Telangana Housing Board
- Type: Public sector
- Industry: Housing
- Founded: 2 June 2014
- Headquarters: Hyderabad, Telangana, India
- Area served: Telangana
- Key people: B.M.D. Ekka, Vice Chairman
- Parent: Ministry of Housing, Government of Telangana
- Website: hb.telangana.gov.in

= Telangana Housing Board =

Public housing agency in Telangana, India

The Telangana Housing Board is a public sector corporation under the Government of Telangana located in Hyderabad, Telangana. Its activities are to facilitate affordable housing to the citizens of Telangana. The board, which was formerly known as City Improvement Board until 1960, was conceived by Nizam Osman Ali Khan, Asaf Jah VII in 1911.

== History ==

In the early 20th century, Nizams-ruled Hyderabad was affected by the large-scale flooding of the Musi river in 1908 and a deadly plague in 1911. This led to a decrease in population in the city. Then-Nizam Osman Ali Khan, Asaf Jah VII, who had just occupied the throne, was aware of these problems. Together with his ministers and city planners, the Nizam decided to improve the sanitation and hygiene of the city. The City Improvement Board was formed in 1912 with the Nizam's son Moazzam Jah as its President. The mandate of this entity was to bring about planned development of the city with its specific tasks being improvement of slums, housing for poor, acquiring open lands, underground drainage, road widening schemes and laying of roads to enable the use of buses. Sir Visvesvarayya was also requested to contribute with his ideas for the further improvement of the city. The board commenced operations at a building in Basheerbagh, which was built with a Regional Mughal Variation-styled architecture, and continued here for over four decades.
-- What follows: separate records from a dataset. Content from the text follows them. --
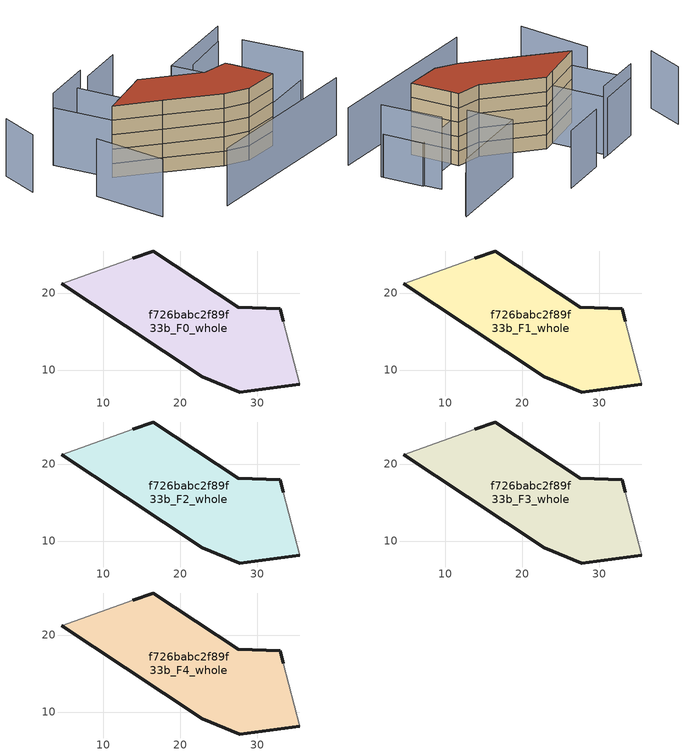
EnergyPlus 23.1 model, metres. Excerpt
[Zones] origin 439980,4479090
f726babc2f89f33b_F0_whole
 floor ground (EU_floor_Construction): 32.97,17.98 33.36,16.33 35.47,8.16 27.7,7.15 22.82,9.1 12.85,15.74 4.61,21.22 13.78,24.49 16.44,25.46 27.47,18.13 z0
 wall outside (EU_wall_Construction): 4.61,21.22 12.85,15.74 22.82,9.1 27.7,7.15 35.47,8.16 / 33.36,16.33 32.97,17.98 27.47,18.13 16.44,25.46 13.78,24.49 z0:3
 wall adiabatic (EU_wall_Construction): 35.47,8.16 33.36,16.33 / 13.78,24.49 4.61,21.22 z0:3
f726babc2f89f33b_F1_whole
 floor to f726babc2f89f33b_F0_whole (EU_floor_Construction): 32.97,17.98 33.36,16.33 35.47,8.16 27.7,7.15 22.82,9.1 12.85,15.74 4.61,21.22 13.78,24.49 16.44,25.46 27.47,18.13 z3
 wall outside (EU_wall_Construction): 4.61,21.22 12.85,15.74 22.82,9.1 27.7,7.15 35.47,8.16 / 33.36,16.33 32.97,17.98 27.47,18.13 16.44,25.46 13.78,24.49 z3:6
 wall adiabatic (EU_wall_Construction): 35.47,8.16 33.36,16.33 / 13.78,24.49 4.61,21.22 z3:6
f726babc2f89f33b_F2_whole
 floor to f726babc2f89f33b_F1_whole (EU_floor_Construction): 32.97,17.98 33.36,16.33 35.47,8.16 27.7,7.15 22.82,9.1 12.85,15.74 4.61,21.22 13.78,24.49 16.44,25.46 27.47,18.13 z6
 wall outside (EU_wall_Construction): 4.61,21.22 12.85,15.74 22.82,9.1 27.7,7.15 35.47,8.16 / 33.36,16.33 32.97,17.98 27.47,18.13 16.44,25.46 13.78,24.49 z6:9
 wall adiabatic (EU_wall_Construction): 35.47,8.16 33.36,16.33 / 13.78,24.49 4.61,21.22 z6:9
f726babc2f89f33b_F3_whole
 floor to f726babc2f89f33b_F2_whole (EU_floor_Construction): 32.97,17.98 33.36,16.33 35.47,8.16 27.7,7.15 22.82,9.1 12.85,15.74 4.61,21.22 13.78,24.49 16.44,25.46 27.47,18.13 z9
 wall outside (EU_wall_Construction): 4.61,21.22 12.85,15.74 22.82,9.1 27.7,7.15 35.47,8.16 / 33.36,16.33 32.97,17.98 27.47,18.13 16.44,25.46 13.78,24.49 z9:12
 wall adiabatic (EU_wall_Construction): 35.47,8.16 33.36,16.33 / 13.78,24.49 4.61,21.22 z9:12
f726babc2f89f33b_F4_whole
 floor to f726babc2f89f33b_F3_whole (EU_floor_Construction): 32.97,17.98 33.36,16.33 35.47,8.16 27.7,7.15 22.82,9.1 12.85,15.74 4.61,21.22 13.78,24.49 16.44,25.46 27.47,18.13 z12
 wall outside (EU_wall_Construction): 4.61,21.22 12.85,15.74 22.82,9.1 27.7,7.15 35.47,8.16 / 33.36,16.33 32.97,17.98 27.47,18.13 16.44,25.46 13.78,24.49 z12:15
 wall adiabatic (EU_wall_Construction): 35.47,8.16 33.36,16.33 / 13.78,24.49 4.61,21.22 z12:15
 roof outside (EU_roof_Construction): 35.47,8.16 33.36,16.33 32.97,17.98 27.47,18.13 16.44,25.46 13.78,24.49 4.61,21.22 12.85,15.74 22.82,9.1 27.7,7.15 z15
shading: 9.98,-3.18 46.88,2.39 / -3.36,17.88 -1.76,2.72 / 32.51,19.77 29.99,28.97 / 29.99,28.97 48.76,34.11 / -8.18,36.63 -10.17,28.11 / 26.26,40.49 16.04,37.68 / 4.61,21.22 1.39,33.3 / 1.39,33.3 10.79,35.82 / 10.79,35.82 14.02,23.74 / 14.02,23.74 4.61,21.22 z0:12; 46.38,10.37 42.78,22.52 / 12.31,36.19 1.38,33.29 z0:15; 48.59,33.75 37.82,30.48 / 33.36,16.33 44.19,19.04 / 44.19,19.04 46.26,10.79 / 46.26,10.79 35.43,8.08 / 35.43,8.08 33.36,16.33 z0:9
[Building]
EU S2 Campaign: North Axis=0; Terrain=City; Solar Distribution=FullExterior
[Site:Location]
Madrid: Latitude=40.5; Longitude=-3.5; Time Zone=1; Elevation=609
[SizingPeriod:WeatherFileDays]
AnnualSizingPeriod: Begin Month=1; Begin Day of Month=1; End Month=12; End Day of Month=31; Day of Week for Start Day=Monday; Use Weather File Daylight Saving Period=No; Use Weather File Rain and Snow Indicators=No
[MATERIAL]
EU_InternalMass_Material: Roughness=MediumRough; Thickness=0.1; Conductivity=1; Density=1800; Specific Heat=900; Thermal Absorptance=0.9; Solar Absorptance=0.7; Visible Absorptance=0.7
[MATERIAL:NOMASS] Roughness=MediumRough; Thermal Absorptance=0.9; Solar Absorptance=0.7; Visible Absorptance=0.7
Name | Thermal Resistance
EU_wall_NoMass | 1.60022
EU_roof_NoMass | 1.57597
EU_floor_NoMass | 0.470652
[CONSTRUCTION]
EU_wall_Construction: EU_wall_NoMass
EU_roof_Construction: EU_roof_NoMass
EU_floor_Construction: EU_floor_NoMass
EU_InternalMass_Construction: EU_InternalMass_Material
[ZONE] Type=1; Multiplier=1; Ceiling Height=autocalculate; Floor Area=autocalculate; Part of Total Floor Area=Yes
Name | Volume
f726babc2f89f33b_F0_whole | 819.167
f726babc2f89f33b_F1_whole; f726babc2f89f33b_F2_whole; f726babc2f89f33b_F3_whole; f726babc2f89f33b_F4_whole | 819.166
[INTERNALMASS] Construction=EU_InternalMass_Construction; Surface Area=273.056
Name | Zone or ZoneList
f726babc2f89f33b_F0_whole_EU_InternalMass | f726babc2f89f33b_F0_whole
f726babc2f89f33b_F1_whole_EU_InternalMass | f726babc2f89f33b_F1_whole
f726babc2f89f33b_F2_whole_EU_InternalMass | f726babc2f89f33b_F2_whole
f726babc2f89f33b_F3_whole_EU_InternalMass | f726babc2f89f33b_F3_whole
f726babc2f89f33b_F4_whole_EU_InternalMass | f726babc2f89f33b_F4_whole
[OTHEREQUIPMENT] Fuel Type=Electricity; Design Level Calculation Method=Watts/Area; Power per Zone Floor Area=1; Fraction Latent=0; Fraction Radiant=0; Fraction Lost=0; Carbon Dioxide Generation Rate=0; EndUse Subcategory=EU_Step8_InternalGains
Name | Zone or ZoneList or Space or SpaceList | Schedule
EU_Step8_InternalGain_f726babc2f89f33b_F0_whole_f000 | f726babc2f89f33b_F0_whole | EU_Step8_GainSchedule_f726babc2f89f33b_F0_whole_f000
EU_Step8_InternalGain_f726babc2f89f33b_F1_whole_f000 | f726babc2f89f33b_F1_whole | EU_Step8_GainSchedule_f726babc2f89f33b_F1_whole_f000
EU_Step8_InternalGain_f726babc2f89f33b_F2_whole_f000 | f726babc2f89f33b_F2_whole | EU_Step8_GainSchedule_f726babc2f89f33b_F2_whole_f000
EU_Step8_InternalGain_f726babc2f89f33b_F3_whole_f000 | f726babc2f89f33b_F3_whole | EU_Step8_GainSchedule_f726babc2f89f33b_F3_whole_f000
EU_Step8_InternalGain_f726babc2f89f33b_F4_whole_f000 | f726babc2f89f33b_F4_whole | EU_Step8_GainSchedule_f726babc2f89f33b_F4_whole_f000
[ZONEVENTILATION:DESIGNFLOWRATE] Schedule=EU_AlwaysOn; Design Flow Rate Calculation Method=AirChanges/Hour; Air Changes per Hour=0.480704; Ventilation Type=Natural; Fan Pressure Rise=0; Fan Total Efficiency=1; Constant Term Coefficient=1; Temperature Term Coefficient=0; Velocity Term Coefficient=0; Velocity Squared Term Coefficient=0; Minimum Indoor Temperature=-100; Maximum Indoor Temperature=100; Delta Temperature=-100; Minimum Outdoor Temperature=-100; Maximum Outdoor Temperature=100; Maximum Wind Speed=40
Name | Zone or ZoneList or Space or SpaceList
EU_ConstantAir_f726babc2f89f33b_F0_whole | f726babc2f89f33b_F0_whole
EU_ConstantAir_f726babc2f89f33b_F1_whole | f726babc2f89f33b_F1_whole
EU_ConstantAir_f726babc2f89f33b_F2_whole | f726babc2f89f33b_F2_whole
EU_ConstantAir_f726babc2f89f33b_F3_whole | f726babc2f89f33b_F3_whole
EU_ConstantAir_f726babc2f89f33b_F4_whole | f726babc2f89f33b_F4_whole
[HVACTEMPLATE:THERMOSTAT] Constant Heating Setpoint=20; Constant Cooling Setpoint=50
EU_HeatOnly_f726babc2f89f33b_F0_whole; EU_HeatOnly_f726babc2f89f33b_F1_whole; EU_HeatOnly_f726babc2f89f33b_F2_whole; EU_HeatOnly_f726babc2f89f33b_F3_whole; EU_HeatOnly_f726babc2f89f33b_F4_whole
[HVACTEMPLATE:ZONE:IDEALLOADSAIRSYSTEM] System Availability Schedule=EU_AlwaysOn; Maximum Heating Supply Air Temperature=50; Minimum Cooling Supply Air Temperature=13; Maximum Heating Supply Air Humidity Ratio=0.0156; Minimum Cooling Supply Air Humidity Ratio=0.0077; Heating Limit=NoLimit; Cooling Limit=NoLimit; Heating Availability Schedule=EU_AlwaysOn; Cooling Availability Schedule=EU_CoolingOff; Dehumidification Control Type=ConstantSensibleHeatRatio; Cooling Sensible Heat Ratio=0.7; Dehumidification Setpoint=60; Humidification Control Type=None; Humidification Setpoint=30; Outdoor Air Method=None; Outdoor Air Flow Rate per Person=0.00944; Outdoor Air Flow Rate per Zone Floor Area=0; Outdoor Air Flow Rate per Zone=0; Demand Controlled Ventilation Type=None; Outdoor Air Economizer Type=NoEconomizer; Heat Recovery Type=None; Sensible Heat Recovery Effectiveness=0.7; Latent Heat Recovery Effectiveness=0.65
Name | Template Thermostat
f726babc2f89f33b_F0_whole | EU_HeatOnly_f726babc2f89f33b_F0_whole
f726babc2f89f33b_F1_whole | EU_HeatOnly_f726babc2f89f33b_F1_whole
f726babc2f89f33b_F2_whole | EU_HeatOnly_f726babc2f89f33b_F2_whole
f726babc2f89f33b_F3_whole | EU_HeatOnly_f726babc2f89f33b_F3_whole
f726babc2f89f33b_F4_whole | EU_HeatOnly_f726babc2f89f33b_F4_whole
[SIZING:ZONE] Zone Cooling Design Supply Air Temperature Input Method=SupplyAirTemperature; Zone Cooling Design Supply Air Temperature=13; Zone Heating Design Supply Air Temperature Input Method=SupplyAirTemperature; Zone Heating Design Supply Air Temperature=50; Zone Cooling Design Supply Air Humidity Ratio=0.008; Zone Heating Design Supply Air Humidity Ratio=0.008; Cooling Design Air Flow Method=DesignDay; Cooling Design Air Flow Rate=0; Cooling Minimum Air Flow per Zone Floor Area=0.000762; Cooling Minimum Air Flow=0; Cooling Minimum Air Flow Fraction=0.2; Heating Design Air Flow Method=DesignDay; Heating Design Air Flow Rate=0; Heating Maximum Air Flow per Zone Floor Area=0.002032; Heating Maximum Air Flow=0.141576; Heating Maximum Air Flow Fraction=0.3; Account for Dedicated Outdoor Air System=No; Dedicated Outdoor Air System Control Strategy=NeutralSupplyAir; Dedicated Outdoor Air Low Setpoint Temperature for Design=autosize; Dedicated Outdoor Air High Setpoint Temperature for Design=autosize; Zone Load Sizing Method=Sensible Load Only No Latent Load; Zone Latent Cooling Design Supply Air Humidity Ratio Input Method=HumidityRatioDifference; Zone Cooling Design Supply Air Humidity Ratio Difference=0.005; Zone Latent Heating Design Supply Air Humidity Ratio Input Method=HumidityRatioDifference; Zone Humidification Design Supply Air Humidity Ratio Difference=0.005
f726babc2f89f33b_F0_whole; f726babc2f89f33b_F1_whole; f726babc2f89f33b_F2_whole; f726babc2f89f33b_F3_whole; f726babc2f89f33b_F4_whole
[SCHEDULE:CONSTANT]
Name | Hourly Value
EU_AlwaysOn | 1
EU_CoolingOff | 0
[SCHEDULE:FILE] Column Number=1; Rows to Skip at Top=0; Number of Hours of Data=8760; Column Separator=Comma; Interpolate to Timestep=No; Minutes per Item=60; Adjust Schedule for Daylight Savings=Yes
Name | File
EU_Step8_GainSchedule_f726babc2f89f33b_F0_whole_f000 | ../../schedules/f726babc2f89f33b/f726babc2f89f33b_F0_whole_f000_gain.csv
EU_Step8_GainSchedule_f726babc2f89f33b_F1_whole_f000 | ../../schedules/f726babc2f89f33b/f726babc2f89f33b_F1_whole_f000_gain.csv
EU_Step8_GainSchedule_f726babc2f89f33b_F2_whole_f000 | ../../schedules/f726babc2f89f33b/f726babc2f89f33b_F2_whole_f000_gain.csv
EU_Step8_GainSchedule_f726babc2f89f33b_F3_whole_f000 | ../../schedules/f726babc2f89f33b/f726babc2f89f33b_F3_whole_f000_gain.csv
EU_Step8_GainSchedule_f726babc2f89f33b_F4_whole_f000 | ../../schedules/f726babc2f89f33b/f726babc2f89f33b_F4_whole_f000_gain.csv

The board took up activities such as rehabilitation of slums in Dabeerpura, Sultan Shahi, Mughalpura, Nampally and Gunfoundry, Red Hills, Mallepally and those that were lined along the banks of Musi River. The board is also credited with the construction of the Nizamia Tibbi Hospital (near Charminar), Pathergatti complex, Moazzam Jahi Market, Andhra Pradesh High Court, Osmania Hospital and the City College. The architecture of domes and arches that was used for these projects became known as the CIB or the Osmanian style. Besides this, the board enhanced the look of Hyderabad by constructing elaborate gardens, planned housing colonies, potable drinking water supply, underground drainage with separate stormwater drains, wide roads and bus and train services, much before many of the major cities of India.

The Town Improvement Trust of Secunderabad was formed in the year 1931 with more or less similar objectives with emphasis on development of lands.

==Aims and objectives==
The main objective of the Housing Board is to provide housing accommodation to the needy citizens at an affordable price.

The Telangana Housing Board is engaged in the following activities :

- Construction of houses under integrated / Composite Housing Schemes and allotment of houses under Lower Income Group, Middle Income Group and Higher Income Group categories.
- Self-Financing Scheme for Higher Income Group and Middle Income Group # Sites and Services
- Construction of shops, Commercial Complexes and Multistoried Buildings to be let out on rent to augment financial resources of the Board.